# Snow Chains for Sale- Winters coming!!!!!



## wasfitonce (Apr 27, 2009)

Winter will soon be here! One pair of Snow Chains for sale. You must have them when travelling on the Continent in the winter,
Will fit most 14 15 16 17 18 Tyres PM with your tyre size if interested. Never used and as new. Could bring to Malvern.

Sell for £30

Paul


----------



## bulawayolass (Jul 27, 2010)

Just run that past me you need snow chains over all the continent? hub went over a couple of times at xmas drove through france to spain and another time to portugal and didnt have them?
When would the dates be from you would need them?


----------



## wasfitonce (Apr 27, 2009)

*Snow chains*

So far as I understand that if you are going anywhere where snow is likely ( winter time) you should have chains with you. Reason for selling is that the chains will not fit new van. Know doubt one the 'experts' on this site will have an answer.

Paul


----------



## bulawayolass (Jul 27, 2010)

Ok thanks Paul was concerned if l did go say xmas on same route to centres Brian went to l would have a problem but that at the moment is to far ahead to worry about so l will just make a note


----------



## Hezbez (Feb 7, 2009)

Hi Paul - you have a PM.


----------



## teemyob (Nov 22, 2005)

*Tyres*

Yes, I have 6 x Brand New 205/75/16C Michelin Agilis Alpin Winters up for grabs.

TM


----------



## raynipper (Aug 4, 2008)

I am about to dump two sets of 13" and 14" snow chains in the bin.

Ray.


----------



## coppo (May 27, 2009)

raynipper said:


> I am about to dump two sets of 13" and 14" snow chains in the bin.
> 
> Ray.


Broken or not upto the job cos poorly made?

Paul.


----------



## jiwawa (Jun 22, 2007)

*Re: Snow chains*



paulann said:


> So far as I understand that if you are going anywhere where snow is likely ( winter time) you should have chains with you. Reason for selling is that the chains will not fit new van. Know doubt one the 'experts' on this site will have an answer.
> 
> Paul


As I understood it, I would have needed snow chains in Spain if I was actually driving in snow.

We decided we'd not bother taking them and just sit out any snow we came across. We have 4 wheels on the rear-drive Transit so I didn't fancy trying to fit chains on all of these!

In actual fact, we didn't take the central route to the south coast, but went right round the perimeter of Spain and Portugal. So though it was very cold at times, we didn't see any snow.


----------



## teemyob (Nov 22, 2005)

*Snow*



coppo said:


> raynipper said:
> 
> 
> > I am about to dump two sets of 13" and 14" snow chains in the bin.
> ...


I have a Minivan with 12" wheels (Steel) I am changing them to 14" Alloy.

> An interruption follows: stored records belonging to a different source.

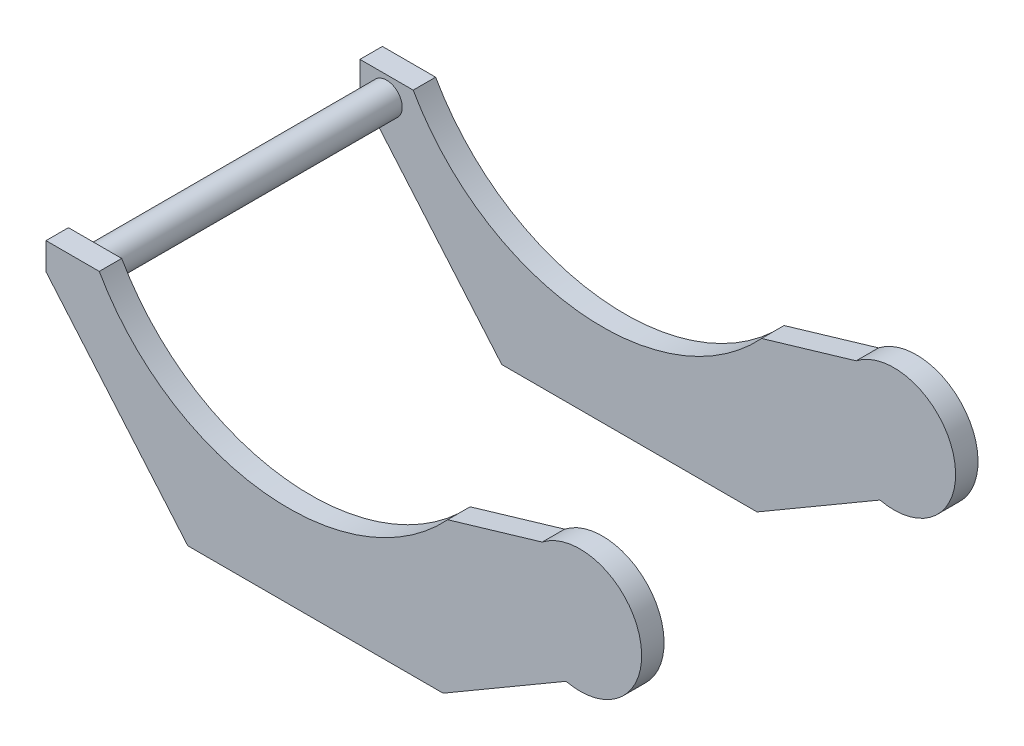
from build123d import *

# Parameters (mm, degrees)
BOSS_EXTRUDE1_DEPTH = 4
LPATTERN1_COUNT     = 2
LPATTERN1_PITCH     = 56
SKETCH2_R           = 2.789357995
BOSS_EXTRUDE2_DEPTH = 56


with BuildPart() as part:
    # Sketch1 → Boss-Extrude1 (new body)
    with BuildSketch(Plane.XY):
        with BuildLine():
            Line((-106.25, 0), (-96.75, 0))
            ThreePointArc((-96.75, 0), (-67.531499401, -19.450486235), (-34.603968254, -7.292366126))
            Line((-34.603968254, -7.292366126), (-17.738888889, -2.31334311))
            ThreePointArc((-17.738888889, -2.31334311), (-0.254682932, -8.640300495), (-13.492063492, -21.697850174))
            Line((-13.492063492, -21.697850174), (-35.416666667, -34.5))
            Line((-35.416666667, -34.5), (-80.952380952, -34.5))
            Line((-80.952380952, -34.5), (-106.25, -4.813953488))
            Line((-106.25, -4.813953488), (-106.25, 0))
        make_face()
    extrude(amount=BOSS_EXTRUDE1_DEPTH)


with BuildPart() as lpattern1_1:
    # LPattern1: pattern copy
    add(part.part.moved(Location(Vector(0, 0, 1) * (1 * LPATTERN1_PITCH))))


with BuildPart() as part_1:
    add(part.part)

    add(lpattern1_1.part)  # Boss-Extrude2 merges LPattern1_1
    # Sketch2 → Boss-Extrude2 (add)
    with BuildSketch(Plane.XY.offset(60)):
        with Locations((-101.5, -3.626457861)):
            Circle(SKETCH2_R)
    extrude(amount=-BOSS_EXTRUDE2_DEPTH)


solid = part_1.part
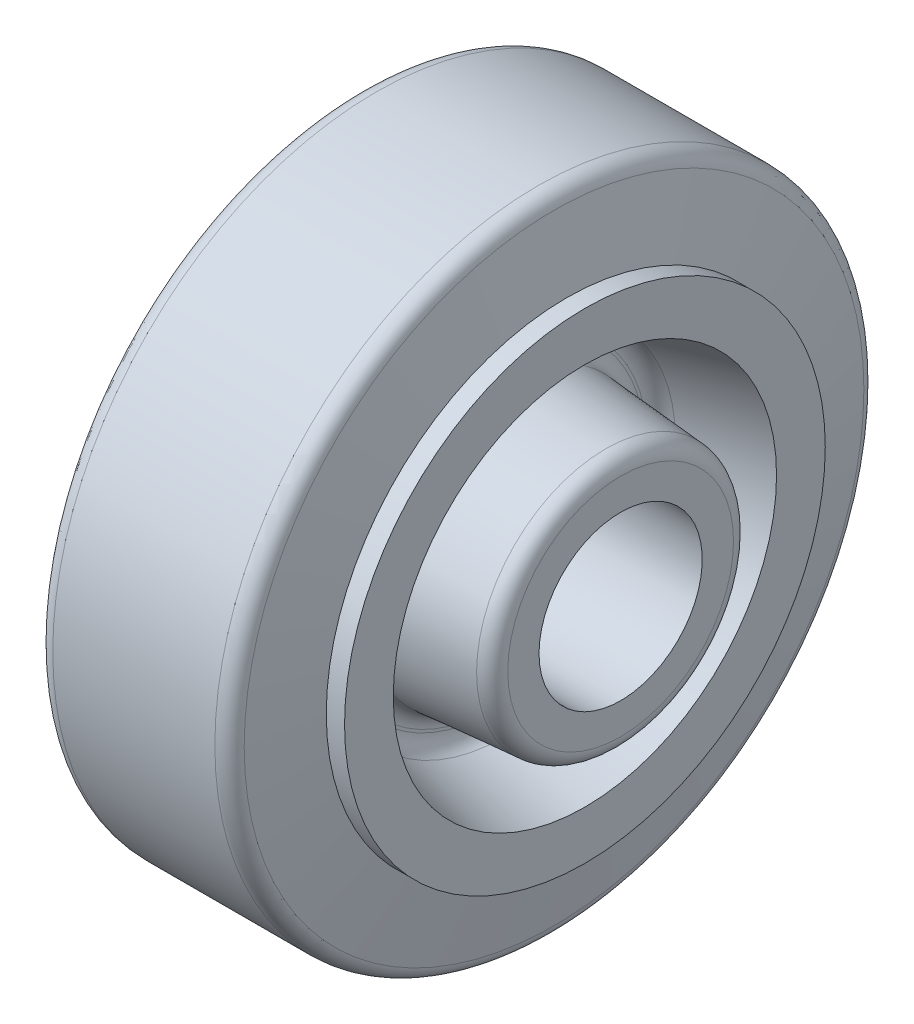
from build123d import *

# Parameters (mm, degrees)
FILLET1_R = 2


with BuildPart() as part:
    # Sketch1 → Revolve1 (revolve)
    with BuildSketch(Plane.XY, mode=Mode.PRIVATE) as revolve1_sk:
        Polygon((-11.65, -39.8), (11.65, -39.8), (13.5, -29.6), (15.75, -29.6), (15.75, -23.6), (4.25, -20.75), (4.25, -17), (20.15, -15.75), (20.15, -10.05), (-20.15, -10.05), (-20.15, -15.75), (-4.25, -17), (-4.25, -20.75), (-15.75, -23.6), (-15.75, -29.6), (-13.5, -29.6), align=None)
    revolve(revolve1_sk.sketch.rotate(Axis((0, 0, 0), (1, 0, 0)), 270), axis=Axis((0, 0, 0), (1, 0, 0)))

    # Fillet1
    fillet1_edges = [part.edges().sort_by_distance(p)[0] for p in [
        (11.65, 0, -39.8),
        (-11.65, 0, -39.8),
        (-4.25, 0, -20.75),
        (-4.25, 0, -17),
        (-20.15, 0, -15.75),
        (20.15, 0, -15.75),
        (4.25, 0, -17),
        (4.25, 0, -20.75),
    ]]
    fillet(fillet1_edges, radius=FILLET1_R)


solid = part.part
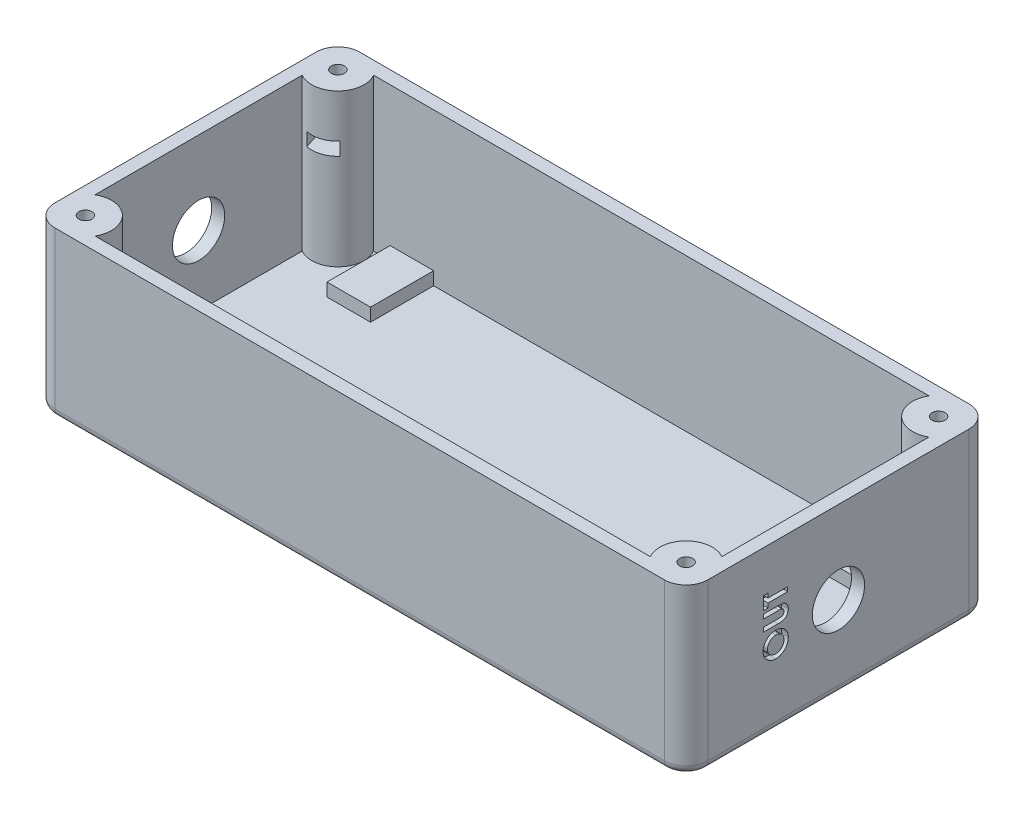
from build123d import *

# Parameters (mm, degrees)
SKETCH_1_W          = 150
SKETCH_1_H          = 70
EXTRUDE_1_DEPTH     = 3
SKETCH_2_W          = 150
SKETCH_2_H          = 70
SKETCH_2_W_2        = 144
SKETCH_2_H_2        = 64
EXTRUDE_2_DEPTH     = 35
SKETCH_3_W          = 10
SKETCH_3_H          = 16.721114434
SKETCH_3_W_2        = 8
SKETCH_3_H_2        = 14.721114434
SKETCH_3_H_3        = 16.439593866
SKETCH_3_H_4        = 20.439593866
EXTRUDE_3_DEPTH     = 3
SKETCH_4_R          = 6.003839286
SKETCH_4_R_2        = 6.002730944
SKETCH_4_R_3        = 5.998096078
SKETCH_4_R_4        = 6.003357904
EXTRUDE_4_DEPTH     = 35
CUT_EXTRUDE_1_DEPTH = 3
SKETCH_6_R          = 1.5
CUT_EXTRUDE_2_DEPTH = 19
FILLET_1_R          = 5
FILLET_2_R          = 2
SKETCH_7_R          = 6
CUT_EXTRUDE_3_DEPTH = 19
CUT_EXTRUDE_START   = -19
SKETCH_8_R          = 6
CUT_EXTRUDE_4_DEPTH = 19
CUT_EXTRUDE_5_DEPTH = 1.5
CUT_EXTRUDE_6_DEPTH = 1.5


with BuildPart() as part:
    # Эскиз1 → Бобышка-Вытянуть1 (new body)
    with BuildSketch(Plane(origin=(0, 0, 0), x_dir=(1, 0, 0), z_dir=(0, 1, 0))):
        Rectangle(SKETCH_1_W, SKETCH_1_H)
    extrude(amount=EXTRUDE_1_DEPTH)

    # Эскиз2 → Бобышка-Вытянуть2 (add)
    with BuildSketch(Plane(origin=(0, 3, 0), x_dir=(1, 0, 0), z_dir=(0, 1, 0))):
        Rectangle(SKETCH_2_W, SKETCH_2_H)
        Rectangle(SKETCH_2_W_2, SKETCH_2_H_2, mode=Mode.SUBTRACT)
    extrude(amount=EXTRUDE_2_DEPTH)

    # Эскиз3 → Бобышка-Вытянуть3 (add)
    with BuildSketch(Plane(origin=(0, 3, 0), x_dir=(1, 0, 0), z_dir=(0, 1, 0))):
        with Locations((-55, 25.860557217)):
            Rectangle(SKETCH_3_W, SKETCH_3_H)
        with Locations((56, 26.860557217)):
            Rectangle(SKETCH_3_W_2, SKETCH_3_H_2)
        with Locations((-55, -25.719796933)):
            Rectangle(SKETCH_3_W, SKETCH_3_H_3)
        with Locations((56, -23.719796933)):
            Rectangle(SKETCH_3_W_2, SKETCH_3_H_4)
    extrude(amount=EXTRUDE_3_DEPTH)

    # Эскиз4 → Бобышка-Вытянуть4 (add)
    with BuildSketch(Plane(origin=(0, 3, 0), x_dir=(1, 0, 0), z_dir=(0, 1, 0))):
        with Locations((-68.996160714, 28.996160714)):
            Circle(SKETCH_4_R)
        with Locations((-68.997269056, -28.997269056)):
            Circle(SKETCH_4_R_2)
        with Locations((69.001903922, 29.001903922)):
            Circle(SKETCH_4_R_3)
        with Locations((68.996642096, -28.996642096)):
            Circle(SKETCH_4_R_4)
    extrude(amount=EXTRUDE_4_DEPTH)

    # Эскиз5 → Вырез-Вытянуть1 (cut)
    with BuildSketch(Plane(origin=(0, 28, 0), x_dir=(1, 0, 0), z_dir=(0, 1, 0))):
        Polygon((-71.315779532, 26.423347363), (-69.499270993, 20.820248272), (-69.121054775, 20.105300037), (-63.546010091, 21.912713418), (-65.608229584, 28.273718567), (-66.676541897, 31.568974066), (-70.064473027, 32.291416213), (-72.384091845, 29.718602861), align=None)
        Polygon((-69.466273228, -25.565063484), (-72.204148358, -27.687335797), (-71.735144186, -31.119541369), (-68.528264884, -32.429474628), (-65.790389754, -30.307202314), (-61.26592419, -26.800048941), (-64.941807664, -22.057910111), align=None)
        Polygon((70.170175126, 25.740747318), (72.410283988, 28.383078161), (71.242012784, 31.644234765), (67.833632717, 32.263060525), (65.593523855, 29.620729682), (61.703168869, 25.031843337), (61.278998761, 24.8214936), (65.998686325, 20.820248272), align=None)
        Polygon((65.808720099, -30.352058393), (68.576506043, -32.43517168), (71.764428041, -31.079755383), (72.184564094, -27.641225799), (69.416778149, -25.558112513), (64.423123183, -21.799747807), (63.845896179, -21.438801652), (60.273148209, -26.18583182), align=None)
    extrude(amount=-CUT_EXTRUDE_1_DEPTH, mode=Mode.SUBTRACT)

    # Эскиз6 → Вырез-Вытянуть2 (cut)
    with BuildSketch(Plane(origin=(0, 38, 0), x_dir=(1, 0, 0), z_dir=(0, 1, 0))):
        with Locations(Location((-68.996160714, 28.996160714, 0), (0, 0, 270))):
            Circle(SKETCH_6_R)
        with Locations(Location((69.001903922, 29.001903922, 0), (0, 0, 270))):
            Circle(SKETCH_6_R)
        with Locations(Location((68.996642096, -28.996642096, 0), (0, 0, 270))):
            Circle(SKETCH_6_R)
        with Locations(Location((-68.997269056, -28.997269056, 0), (0, 0, 270))):
            Circle(SKETCH_6_R)
    extrude(amount=-CUT_EXTRUDE_2_DEPTH, mode=Mode.SUBTRACT)

    # Скругление1
    fillet_1_edges = [part.edges().sort_by_distance(p)[0] for p in [
        (75, 20.5, -35),
        (75, 20.5, 35),
        (-75, 19, 35),
        (-75, 19, -35),
    ]]
    fillet(fillet_1_edges, radius=FILLET_1_R)

    # Скругление2
    fillet_2_edges = [part.edges().sort_by_distance(p)[0] for p in [
        (0, 0, -35),
        (75, 0, 0),
        (0, 0, 35),
        (-75, 0, 0),
        (-73.535533906, 0, 33.535533906),
        (-73.535533906, 0, -33.535533906),
        (73.535533906, 0, 33.535533906),
        (73.535533906, 0, -33.535533906),
    ]]
    fillet(fillet_2_edges, radius=FILLET_2_R)

    # Эскиз7 → Вырез-Вытянуть3 (cut)
    with BuildSketch(Plane.ZY.offset(75)):
        with Locations((0, 19)):
            Circle(SKETCH_7_R)
    extrude(amount=-CUT_EXTRUDE_3_DEPTH, mode=Mode.SUBTRACT)

    # Эскиз8 → Вырез-Вытянуть4 (cut)
    with BuildSketch(Plane(origin=(75, 0, 0), x_dir=(0, 0, -1), z_dir=(1, 0, 0)).offset(CUT_EXTRUDE_START)):
        with Locations(Location((0, 19, 0), (0, 0, 180))):
            Circle(SKETCH_8_R)
    extrude(amount=CUT_EXTRUDE_4_DEPTH, mode=Mode.SUBTRACT)

    # Эскиз9 → Вырез-Вытянуть5 (cut)
    # profile 1 of 4: a face of its own
    with BuildSketch(Plane.ZY.offset(75)):
        Polygon((-15.787488815, 25.603367713), (-15.787488815, 26.657754732), (-11.880637854, 28.071316431), (-15.787488815, 29.488183418), (-15.787488815, 30.539265149), (-10.287488815, 28.545074443), (-10.287488815, 27.594253129), align=None)
    # profile 2 of 4: a face of its own
    with BuildSketch(Plane.ZY.offset(75)):
        with BuildLine():
            add(Edge.make_bspline(
                [(-15.928514456, 21.074020758), (-15.927805241, 21.121804417), (-15.926410736, 21.215759858), (-15.911301912, 21.354137251), (-15.88848745, 21.48743788), (-15.856631116, 21.616160204), (-15.81460728, 21.739461341), (-15.763885282, 21.857772634), (-15.703986372, 21.970987348), (-15.634635156, 22.079225399), (-15.554760816, 22.181520013), (-15.466694512, 22.279525146), (-15.367032767, 22.369311211), (-15.258354786, 22.453591284), (-15.140010797, 22.531789764), (-15.012345477, 22.604411662), (-14.874570904, 22.670733053), (-14.7264846, 22.731544955), (-14.565853649, 22.785920365), (-14.390839346, 22.831721483), (-14.201400614, 22.871003373), (-13.997066239, 22.904160128), (-13.777564514, 22.929221257), (-13.543041295, 22.946112968), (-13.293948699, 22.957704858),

That said there are not many cars around these days with 13 or 14" Steel Wheels.

But incredibly, a fair few motorhomes!

Weigh them in Ray.

TM


----------



## raynipper (Aug 4, 2008)

coppo said:


> raynipper said:
> 
> 
> > I am about to dump two sets of 13" and 14" snow chains in the bin.
> ...


Nope, brand new in boxes Paul.

Ray.


----------